Терпеть не могу быть кому-то обязанным. Тем более отцу, который при любом удобном случае не постесняется в “долг” ткнуть носом. Ненавижу. Но иногда приходится душить собственные интересы во благо дорогих тебе людей. Короче, пройдя все стадии от отрицания до принятия, я сдался. А еще понял, что повел себя снова как последний мудак! Опять позволил отцу встать стеной непонимания между мной и Тони. Наворотил, короче.
Тяжело наступать на горло собственным принципам, но я наступил в ту ночь. Позвонил Кулагиной. Разбудил. Признал, что я вспыльчивый идиот и что соскучился. Моя разомлевшая со сна конфетка еще какое-то время обиженно повыкаблучивалась, поворчала, но сдалась. Наконец-то улыбнулась. Клянусь, в этот момент мой мир снова начал пестрить яркими красками.
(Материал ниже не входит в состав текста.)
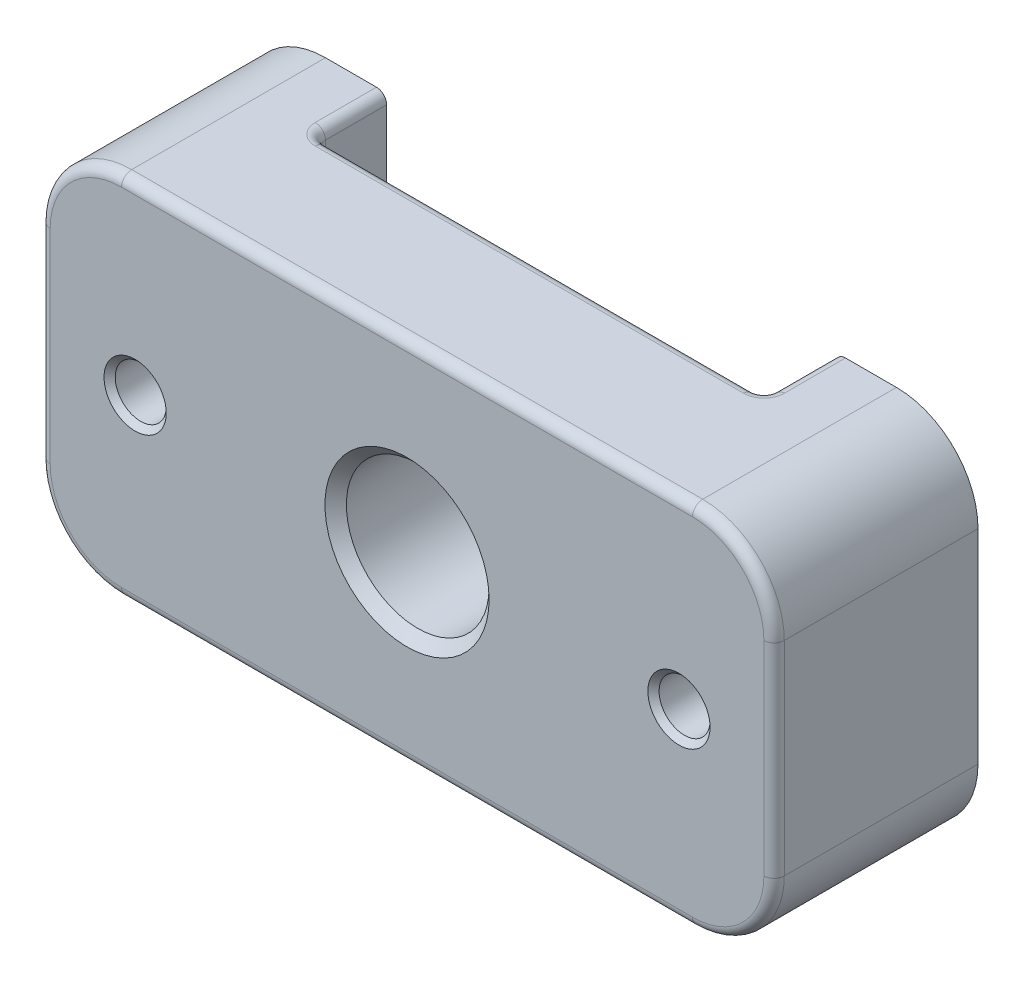
ISO-10303-21;
HEADER;
FILE_DESCRIPTION(('STEP AP214'),'2;1');
FILE_NAME('part.step','',(''),(''),'','','');
FILE_SCHEMA(('AUTOMOTIVE_DESIGN { 1 0 10303 214 1 1 1 1 }'));
ENDSEC;
DATA;
#1=APPLICATION_CONTEXT('core data for automotive mechanical design processes');
#2=APPLICATION_PROTOCOL_DEFINITION('international standard','automotive_design',2000,#1);
#3=PRODUCT_CONTEXT('',#1,'mechanical');
#4=PRODUCT('Part','Part','',(#3));
#5=PRODUCT_RELATED_PRODUCT_CATEGORY('part','',(#4));
#6=PRODUCT_DEFINITION_FORMATION('','',#4);
#7=PRODUCT_DEFINITION_CONTEXT('part definition',#1,'design');
#8=PRODUCT_DEFINITION('design','',#6,#7);
#9=PRODUCT_DEFINITION_SHAPE('','',#8);
#10=(LENGTH_UNIT() NAMED_UNIT(*) SI_UNIT(.MILLI.,.METRE.));
#11=(NAMED_UNIT(*) PLANE_ANGLE_UNIT() SI_UNIT($,.RADIAN.));
#12=(NAMED_UNIT(*) SI_UNIT($,.STERADIAN.) SOLID_ANGLE_UNIT());
#13=UNCERTAINTY_MEASURE_WITH_UNIT(LENGTH_MEASURE(1.E-05),#10,'distance_accuracy_value','');
#14=(GEOMETRIC_REPRESENTATION_CONTEXT(3) GLOBAL_UNCERTAINTY_ASSIGNED_CONTEXT((#13)) GLOBAL_UNIT_ASSIGNED_CONTEXT((#10,
#11,#12)) REPRESENTATION_CONTEXT('',''));
#15=CARTESIAN_POINT('',(0.,0.,0.));
#16=DIRECTION('',(0.,0.,1.));
#17=DIRECTION('',(1.,0.,0.));
#18=AXIS2_PLACEMENT_3D('',#15,#16,#17);
#19=CARTESIAN_POINT('',(14.,5.14174012529742,0.));
#20=DIRECTION('',(0.,0.,-1.));
#21=DIRECTION('',(-1.,0.,0.));
#22=AXIS2_PLACEMENT_3D('',#19,#20,#21);
#23=PLANE('',#22);
#24=DIRECTION('',(1.,0.,0.));
#25=VECTOR('',#24,1.);
#26=CARTESIAN_POINT('',(-14.,-8.85825987470258,0.));
#27=LINE('',#26,#25);
#28=CARTESIAN_POINT('',(11.5,-8.85825987470258,0.));
#29=VERTEX_POINT('',#28);
#30=CARTESIAN_POINT('',(14.,-8.85825987470258,0.));
#31=VERTEX_POINT('',#30);
#32=EDGE_CURVE('E275',#29,#31,#27,.T.);
#33=ORIENTED_EDGE('',*,*,#32,.F.);
#34=CARTESIAN_POINT('',(11.5,-8.35825987470258,0.));
#35=DIRECTION('',(0.,0.,-1.));
#36=DIRECTION('',(-1.,0.,0.));
#37=AXIS2_PLACEMENT_3D('',#34,#35,#36);
#38=CIRCLE('',#37,0.5);
#39=CARTESIAN_POINT('',(11.,-8.35825987470258,0.));
#40=VERTEX_POINT('',#39);
#41=EDGE_CURVE('E12',#29,#40,#38,.T.);
#42=ORIENTED_EDGE('',*,*,#41,.T.);
#43=DIRECTION('',(0.,-1.,0.));
#44=VECTOR('',#43,1.);
#45=CARTESIAN_POINT('',(11.,5.14174012529742,0.));
#46=LINE('',#45,#44);
#47=CARTESIAN_POINT('',(11.,8.64174012529742,0.));
#48=VERTEX_POINT('',#47);
#49=EDGE_CURVE('E310',#48,#40,#46,.T.);
#50=ORIENTED_EDGE('',*,*,#49,.F.);
#51=CARTESIAN_POINT('',(11.5,8.64174012529742,0.));
#52=DIRECTION('',(0.,0.,-1.));
#53=DIRECTION('',(-1.,0.,0.));
#54=AXIS2_PLACEMENT_3D('',#51,#52,#53);
#55=CIRCLE('',#54,0.5);
#56=CARTESIAN_POINT('',(11.5,9.14174012529742,0.));
#57=VERTEX_POINT('',#56);
#58=EDGE_CURVE('E69',#48,#57,#55,.T.);
#59=ORIENTED_EDGE('',*,*,#58,.T.);
#60=DIRECTION('',(-1.,0.,0.));
#61=VECTOR('',#60,1.);
#62=CARTESIAN_POINT('',(-14.,9.14174012529742,0.));
#63=LINE('',#62,#61);
#64=CARTESIAN_POINT('',(14.,9.14174012529742,0.));
#65=VERTEX_POINT('',#64);
#66=EDGE_CURVE('E224',#65,#57,#63,.T.);
#67=ORIENTED_EDGE('',*,*,#66,.F.);
#68=CARTESIAN_POINT('',(14.,5.14174012529742,0.));
#69=DIRECTION('',(0.,0.,1.));
#70=DIRECTION('',(-1.,0.,0.));
#71=AXIS2_PLACEMENT_3D('',#68,#69,#70);
#72=CIRCLE('',#71,4.);
#73=CARTESIAN_POINT('',(18.,5.14174012529742,0.));
#74=VERTEX_POINT('',#73);
#75=EDGE_CURVE('E240',#74,#65,#72,.T.);
#76=ORIENTED_EDGE('',*,*,#75,.F.);
#77=DIRECTION('',(0.,1.,0.));
#78=VECTOR('',#77,1.);
#79=CARTESIAN_POINT('',(18.,5.14174012529742,0.));
#80=LINE('',#79,#78);
#81=CARTESIAN_POINT('',(18.,-4.85825987470258,0.));
#82=VERTEX_POINT('',#81);
#83=EDGE_CURVE('E284',#82,#74,#80,.T.);
#84=ORIENTED_EDGE('',*,*,#83,.F.);
#85=CARTESIAN_POINT('',(14.,-4.85825987470258,0.));
#86=DIRECTION('',(0.,0.,1.));
#87=DIRECTION('',(1.,0.,0.));
#88=AXIS2_PLACEMENT_3D('',#85,#86,#87);
#89=CIRCLE('',#88,4.);
#90=EDGE_CURVE('E280',#31,#82,#89,.T.);
#91=ORIENTED_EDGE('',*,*,#90,.F.);
#92=EDGE_LOOP('',(#33,#42,#50,#59,#67,#76,#84,#91));
#93=FACE_BOUND('',#92,.T.);
#94=CARTESIAN_POINT('',(13.335,0.141740125297421,0.));
#95=DIRECTION('',(0.,0.,1.));
#96=DIRECTION('',(1.,0.,0.));
#97=AXIS2_PLACEMENT_3D('',#94,#95,#96);
#98=CIRCLE('',#97,1.25);
#99=CARTESIAN_POINT('',(14.585,0.141740125297421,0.));
#100=VERTEX_POINT('',#99);
#101=EDGE_CURVE('E261',#100,#100,#98,.T.);
#102=ORIENTED_EDGE('',*,*,#101,.T.);
#103=EDGE_LOOP('',(#102));
#104=FACE_BOUND('',#103,.T.);
#105=ADVANCED_FACE('F59',(#93,#104),#23,.T.);
#106=CARTESIAN_POINT('',(14.,5.14174012529742,10.));
#107=DIRECTION('',(0.,0.,-1.));
#108=DIRECTION('',(-1.,0.,0.));
#109=AXIS2_PLACEMENT_3D('',#106,#107,#108);
#110=PLANE('',#109);
#111=CARTESIAN_POINT('',(0.,0.141740125297421,10.));
#112=DIRECTION('',(0.,0.,1.));
#113=DIRECTION('',(1.,0.,0.));
#114=AXIS2_PLACEMENT_3D('',#111,#112,#113);
#115=CIRCLE('',#114,4.025);
#116=CARTESIAN_POINT('',(4.025,0.141740125297421,10.));
#117=VERTEX_POINT('',#116);
#118=EDGE_CURVE('E1012',#117,#117,#115,.T.);
#119=ORIENTED_EDGE('',*,*,#118,.F.);
#120=EDGE_LOOP('',(#119));
#121=FACE_BOUND('',#120,.T.);
#122=CARTESIAN_POINT('',(-13.335,0.141740125297421,10.));
#123=DIRECTION('',(0.,0.,1.));
#124=DIRECTION('',(1.,0.,0.));
#125=AXIS2_PLACEMENT_3D('',#122,#123,#124);
#126=CIRCLE('',#125,1.525);
#127=CARTESIAN_POINT('',(-11.81,0.141740125297421,10.));
#128=VERTEX_POINT('',#127);
#129=EDGE_CURVE('E660',#128,#128,#126,.T.);
#130=ORIENTED_EDGE('',*,*,#129,.F.);
#131=EDGE_LOOP('',(#130));
#132=FACE_BOUND('',#131,.T.);
#133=DIRECTION('',(0.,1.,0.));
#134=VECTOR('',#133,1.);
#135=CARTESIAN_POINT('',(17.5,5.14174012529742,10.));
#136=LINE('',#135,#134);
#137=CARTESIAN_POINT('',(17.5,-4.85825987470258,10.));
#138=VERTEX_POINT('',#137);
#139=CARTESIAN_POINT('',(17.5,5.14174012529742,10.));
#140=VERTEX_POINT('',#139);
#141=EDGE_CURVE('E332',#138,#140,#136,.T.);
#142=ORIENTED_EDGE('',*,*,#141,.T.);
#143=CARTESIAN_POINT('',(14.,5.14174012529742,10.));
#144=DIRECTION('',(0.,0.,-1.));
#145=DIRECTION('',(-1.,0.,0.));
#146=AXIS2_PLACEMENT_3D('',#143,#144,#145);
#147=CIRCLE('',#146,3.5);
#148=CARTESIAN_POINT('',(14.,8.64174012529742,10.));
#149=VERTEX_POINT('',#148);
#150=EDGE_CURVE('E335',#140,#149,#147,.F.);
#151=ORIENTED_EDGE('',*,*,#150,.T.);
#152=DIRECTION('',(-1.,0.,0.));
#153=VECTOR('',#152,1.);
#154=CARTESIAN_POINT('',(14.,8.64174012529742,10.));
#155=LINE('',#154,#153);
#156=CARTESIAN_POINT('',(-14.,8.64174012529742,10.));
#157=VERTEX_POINT('',#156);
#158=EDGE_CURVE('E314',#149,#157,#155,.T.);
#159=ORIENTED_EDGE('',*,*,#158,.T.);
#160=CARTESIAN_POINT('',(-14.,5.14174012529742,10.));
#161=DIRECTION('',(0.,0.,-1.));
#162=DIRECTION('',(-1.,0.,0.));
#163=AXIS2_PLACEMENT_3D('',#160,#161,#162);
#164=CIRCLE('',#163,3.5);
#165=CARTESIAN_POINT('',(-17.5,5.14174012529742,10.));
#166=VERTEX_POINT('',#165);
#167=EDGE_CURVE('E317',#157,#166,#164,.F.);
#168=ORIENTED_EDGE('',*,*,#167,.T.);
#169=DIRECTION('',(0.,-1.,0.));
#170=VECTOR('',#169,1.);
#171=CARTESIAN_POINT('',(-17.5,5.14174012529741,10.));
#172=LINE('',#171,#170);
#173=CARTESIAN_POINT('',(-17.5,-4.85825987470258,10.));
#174=VERTEX_POINT('',#173);
#175=EDGE_CURVE('E320',#166,#174,#172,.T.);
#176=ORIENTED_EDGE('',*,*,#175,.T.);
#177=CARTESIAN_POINT('',(-14.,-4.85825987470258,10.));
#178=DIRECTION('',(0.,0.,-1.));
#179=DIRECTION('',(-1.,0.,0.));
#180=AXIS2_PLACEMENT_3D('',#177,#178,#179);
#181=CIRCLE('',#180,3.5);
#182=CARTESIAN_POINT('',(-14.,-8.35825987470258,10.));
#183=VERTEX_POINT('',#182);
#184=EDGE_CURVE('E323',#174,#183,#181,.F.);
#185=ORIENTED_EDGE('',*,*,#184,.T.);
#186=DIRECTION('',(1.,0.,0.));
#187=VECTOR('',#186,1.);
#188=CARTESIAN_POINT('',(14.,-8.35825987470258,10.));
#189=LINE('',#188,#187);
#190=CARTESIAN_POINT('',(14.,-8.35825987470258,10.));
#191=VERTEX_POINT('',#190);
#192=EDGE_CURVE('E326',#183,#191,#189,.T.);
#193=ORIENTED_EDGE('',*,*,#192,.T.);
#194=CARTESIAN_POINT('',(14.,-4.85825987470258,10.));
#195=DIRECTION('',(0.,0.,-1.));
#196=DIRECTION('',(-1.,0.,0.));
#197=AXIS2_PLACEMENT_3D('',#194,#195,#196);
#198=CIRCLE('',#197,3.5);
#199=EDGE_CURVE('E329',#191,#138,#198,.F.);
#200=ORIENTED_EDGE('',*,*,#199,.T.);
#201=EDGE_LOOP('',(#142,#151,#159,#168,#176,#185,#193,#200));
#202=FACE_BOUND('',#201,.T.);
#203=CARTESIAN_POINT('',(13.335,0.141740125297421,10.));
#204=DIRECTION('',(0.,0.,1.));
#205=DIRECTION('',(1.,0.,0.));
#206=AXIS2_PLACEMENT_3D('',#203,#204,#205);
#207=CIRCLE('',#206,1.525);
#208=CARTESIAN_POINT('',(14.86,0.141740125297421,10.));
#209=VERTEX_POINT('',#208);
#210=EDGE_CURVE('E651',#209,#209,#207,.T.);
#211=ORIENTED_EDGE('',*,*,#210,.F.);
#212=EDGE_LOOP('',(#211));
#213=FACE_BOUND('',#212,.T.);
#214=ADVANCED_FACE('F533',(#121,#132,#202,#213),#110,.F.);
#215=CARTESIAN_POINT('',(14.,5.14174012529742,10.));
#216=DIRECTION('',(0.,0.,-1.));
#217=DIRECTION('',(-1.,0.,0.));
#218=AXIS2_PLACEMENT_3D('',#215,#216,#217);
#219=CYLINDRICAL_SURFACE('',#218,4.);
#220=DIRECTION('',(0.,0.,-1.));
#221=VECTOR('',#220,1.);
#222=CARTESIAN_POINT('',(14.,9.14174012529742,10.));
#223=LINE('',#222,#221);
#224=CARTESIAN_POINT('',(14.,9.14174012529742,9.5));
#225=VERTEX_POINT('',#224);
#226=EDGE_CURVE('E220',#225,#65,#223,.T.);
#227=ORIENTED_EDGE('',*,*,#226,.F.);
#228=CARTESIAN_POINT('',(14.,5.14174012529742,9.5));
#229=DIRECTION('',(0.,0.,-1.));
#230=DIRECTION('',(-1.,0.,0.));
#231=AXIS2_PLACEMENT_3D('',#228,#229,#230);
#232=CIRCLE('',#231,4.);
#233=CARTESIAN_POINT('',(18.,5.14174012529742,9.5));
#234=VERTEX_POINT('',#233);
#235=EDGE_CURVE('E339',#225,#234,#232,.T.);
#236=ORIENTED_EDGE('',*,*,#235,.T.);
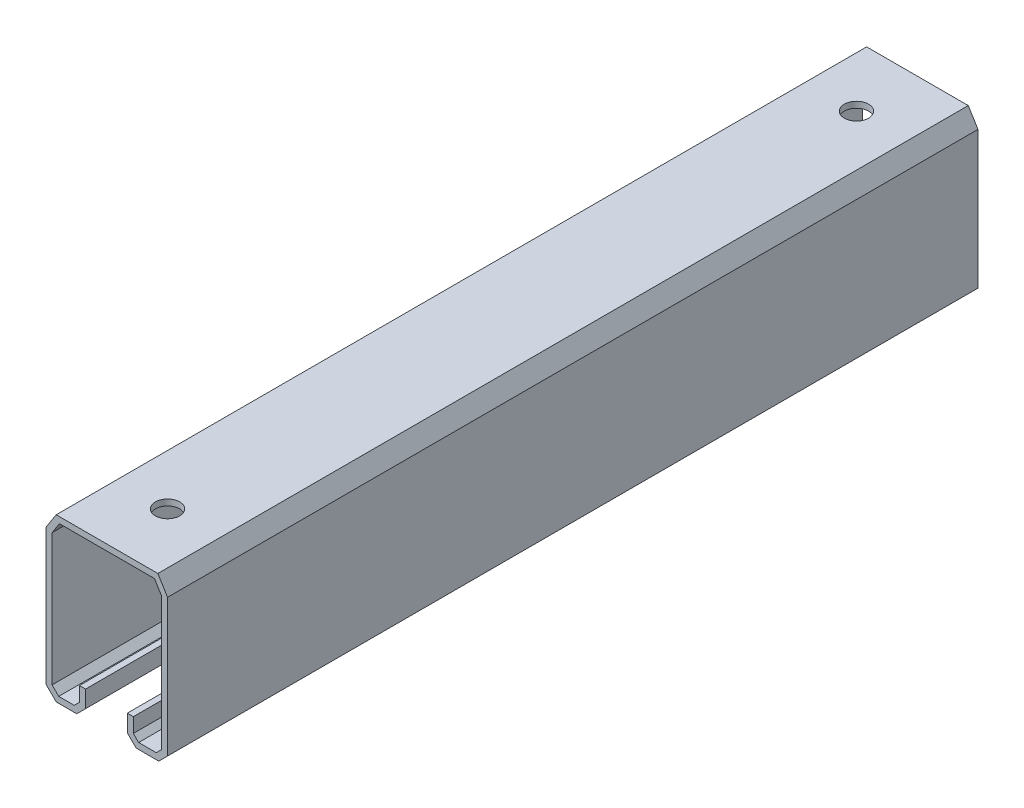
ISO-10303-21;
HEADER;
FILE_DESCRIPTION(('STEP AP214'),'2;1');
FILE_NAME('part.step','',(''),(''),'','','');
FILE_SCHEMA(('AUTOMOTIVE_DESIGN { 1 0 10303 214 1 1 1 1 }'));
ENDSEC;
DATA;
#1=APPLICATION_CONTEXT('core data for automotive mechanical design processes');
#2=APPLICATION_PROTOCOL_DEFINITION('international standard','automotive_design',2000,#1);
#3=PRODUCT_CONTEXT('',#1,'mechanical');
#4=PRODUCT('Part','Part','',(#3));
#5=PRODUCT_RELATED_PRODUCT_CATEGORY('part','',(#4));
#6=PRODUCT_DEFINITION_FORMATION('','',#4);
#7=PRODUCT_DEFINITION_CONTEXT('part definition',#1,'design');
#8=PRODUCT_DEFINITION('design','',#6,#7);
#9=PRODUCT_DEFINITION_SHAPE('','',#8);
#10=(LENGTH_UNIT() NAMED_UNIT(*) SI_UNIT(.MILLI.,.METRE.));
#11=(NAMED_UNIT(*) PLANE_ANGLE_UNIT() SI_UNIT($,.RADIAN.));
#12=(NAMED_UNIT(*) SI_UNIT($,.STERADIAN.) SOLID_ANGLE_UNIT());
#13=UNCERTAINTY_MEASURE_WITH_UNIT(LENGTH_MEASURE(1.E-05),#10,'distance_accuracy_value','');
#14=(GEOMETRIC_REPRESENTATION_CONTEXT(3) GLOBAL_UNCERTAINTY_ASSIGNED_CONTEXT((#13)) GLOBAL_UNIT_ASSIGNED_CONTEXT((#10,
#11,#12)) REPRESENTATION_CONTEXT('',''));
#15=CARTESIAN_POINT('',(0.,0.,0.));
#16=DIRECTION('',(0.,0.,1.));
#17=DIRECTION('',(1.,0.,0.));
#18=AXIS2_PLACEMENT_3D('',#15,#16,#17);
#19=CARTESIAN_POINT('',(-13.4697478975894,-27.2401516069639,200.));
#20=DIRECTION('',(0.,-1.,0.));
#21=DIRECTION('',(0.,0.,-1.));
#22=AXIS2_PLACEMENT_3D('',#19,#20,#21);
#23=PLANE('',#22);
#24=DIRECTION('',(-1.,0.,0.));
#25=VECTOR('',#24,1.);
#26=CARTESIAN_POINT('',(-13.4697478975894,-27.2401516069639,-200.));
#27=LINE('',#26,#25);
#28=CARTESIAN_POINT('',(-10.4697478975894,-27.2401516069639,-200.));
#29=VERTEX_POINT('',#28);
#30=CARTESIAN_POINT('',(-13.4697478975894,-27.2401516069639,-200.));
#31=VERTEX_POINT('',#30);
#32=EDGE_CURVE('E249',#29,#31,#27,.T.);
#33=ORIENTED_EDGE('',*,*,#32,.T.);
#34=DIRECTION('',(0.,0.,-1.));
#35=VECTOR('',#34,1.);
#36=CARTESIAN_POINT('',(-13.4697478975894,-27.2401516069639,200.));
#37=LINE('',#36,#35);
#38=CARTESIAN_POINT('',(-13.4697478975894,-27.2401516069639,200.));
#39=VERTEX_POINT('',#38);
#40=EDGE_CURVE('E11',#39,#31,#37,.T.);
#41=ORIENTED_EDGE('',*,*,#40,.F.);
#42=DIRECTION('',(-1.,0.,0.));
#43=VECTOR('',#42,1.);
#44=CARTESIAN_POINT('',(-13.4697478975894,-27.2401516069639,200.));
#45=LINE('',#44,#43);
#46=CARTESIAN_POINT('',(-10.4697478975894,-27.2401516069639,200.));
#47=VERTEX_POINT('',#46);
#48=EDGE_CURVE('E304',#47,#39,#45,.T.);
#49=ORIENTED_EDGE('',*,*,#48,.F.);
#50=DIRECTION('',(0.,0.,-1.));
#51=VECTOR('',#50,1.);
#52=CARTESIAN_POINT('',(-10.4697478975894,-27.2401516069639,200.));
#53=LINE('',#52,#51);
#54=EDGE_CURVE('E245',#47,#29,#53,.T.);
#55=ORIENTED_EDGE('',*,*,#54,.T.);
#56=EDGE_LOOP('',(#33,#41,#49,#55));
#57=FACE_BOUND('',#56,.T.);
#58=ADVANCED_FACE('F33',(#57),#23,.F.);
#59=CARTESIAN_POINT('',(-13.4697478975894,-27.2401516069639,200.));
#60=DIRECTION('',(1.,0.,0.));
#61=DIRECTION('',(0.,0.,-1.));
#62=AXIS2_PLACEMENT_3D('',#59,#60,#61);
#63=PLANE('',#62);
#64=DIRECTION('',(0.,-1.,0.));
#65=VECTOR('',#64,1.);
#66=CARTESIAN_POINT('',(-13.4697478975894,-27.2401516069639,-200.));
#67=LINE('',#66,#65);
#68=CARTESIAN_POINT('',(-13.4697478975894,-34.4082689863328,-200.));
#69=VERTEX_POINT('',#68);
#70=EDGE_CURVE('E252',#31,#69,#67,.T.);
#71=ORIENTED_EDGE('',*,*,#70,.T.);
#72=DIRECTION('',(0.,0.,-1.));
#73=VECTOR('',#72,1.);
#74=CARTESIAN_POINT('',(-13.4697478975894,-34.4082689863328,200.));
#75=LINE('',#74,#73);
#76=CARTESIAN_POINT('',(-13.4697478975894,-34.4082689863328,200.));
#77=VERTEX_POINT('',#76);
#78=EDGE_CURVE('E41',#77,#69,#75,.T.);
#79=ORIENTED_EDGE('',*,*,#78,.F.);
#80=DIRECTION('',(0.,-1.,0.));
#81=VECTOR('',#80,1.);
#82=CARTESIAN_POINT('',(-13.4697478975894,-27.2401516069639,200.));
#83=LINE('',#82,#81);
#84=EDGE_CURVE('E152',#39,#77,#83,.T.);
#85=ORIENTED_EDGE('',*,*,#84,.F.);
#86=ORIENTED_EDGE('',*,*,#40,.T.);
#87=EDGE_LOOP('',(#71,#79,#85,#86));
#88=FACE_BOUND('',#87,.T.);
#89=ADVANCED_FACE('F462',(#88),#63,.F.);
#90=CARTESIAN_POINT('',(-13.4697478975894,-34.4082689863328,200.));
#91=DIRECTION('',(0.707106781186566,-0.707106781186529,0.));
#92=DIRECTION('',(0.707106781186529,0.707106781186566,0.));
#93=AXIS2_PLACEMENT_3D('',#90,#91,#92);
#94=PLANE('',#93);
#95=DIRECTION('',(-0.707106781186529,-0.707106781186566,0.));
#96=VECTOR('',#95,1.);
#97=CARTESIAN_POINT('',(-13.4697478975894,-34.4082689863328,-200.));
#98=LINE('',#97,#96);
#99=CARTESIAN_POINT('',(-16.0614789112565,-37.,-200.));
#100=VERTEX_POINT('',#99);
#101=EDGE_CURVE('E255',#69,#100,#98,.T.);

А уж примирительный секс по телефону – это вообще что-то из разряда фантастики.
Без нее вообще физически было пздц, как тяжело. Я сгорал. Медленно, больно, неотвратимо. Двадцать четыре на семь. Сгорал от первобытного, животного, дикого желания оказаться к ней ближе. Рядом. Сиюминутно. Это уже даже больше не о сексе история. Хотя и без него, конечно, труба! Как у меня все не отсохло от утренних стояк-парадов – не знаю. Это больше о чисто тактильной и совершенно наркоманской зависимости от ее объятий, касаний и поцелуев. Оказалось, что мне просто важно дышать с ней одним воздухом. Ловить одни моменты. Тем более сейчас, в ее положении, когда каждый день на вес золота. Важно просыпаться в одной кровати, сжимая в объятиях-тисках. Целовать среди ночи. Ощущать ее ерзанье под боком, когда она снова до самой макушки пакуется в одеяло среди жаркого лета. И касаться. Я любил ее касаться. Часто. Да постоянно! Много, долго и везде. Чмокнуть в губы, шлепнуть по попке, зажать в углу, укусить в плечо или поставить смачный засос на груди…
Нет, это были самые тяжелые триста тридцать шесть часов моей жизни. Клянусь, десять лет расставания дались мне проще, чем эти четырнадцать дней. Как итог всей поездки – продуктивность моя на нуле. В мозгу каша. На сердце полнейший раздрай. Работник из меня аховый. Больше под ногами мешаюсь. Толку от меня в поездках нет никакого.
Это я первым делом и заявил ВасГену, вернувшись на малую родину. Полкан поулыбался, понятливо кивая, и отпустил с миром. Щедро выделив три дня выходных. Для акклиматизации, так сказать.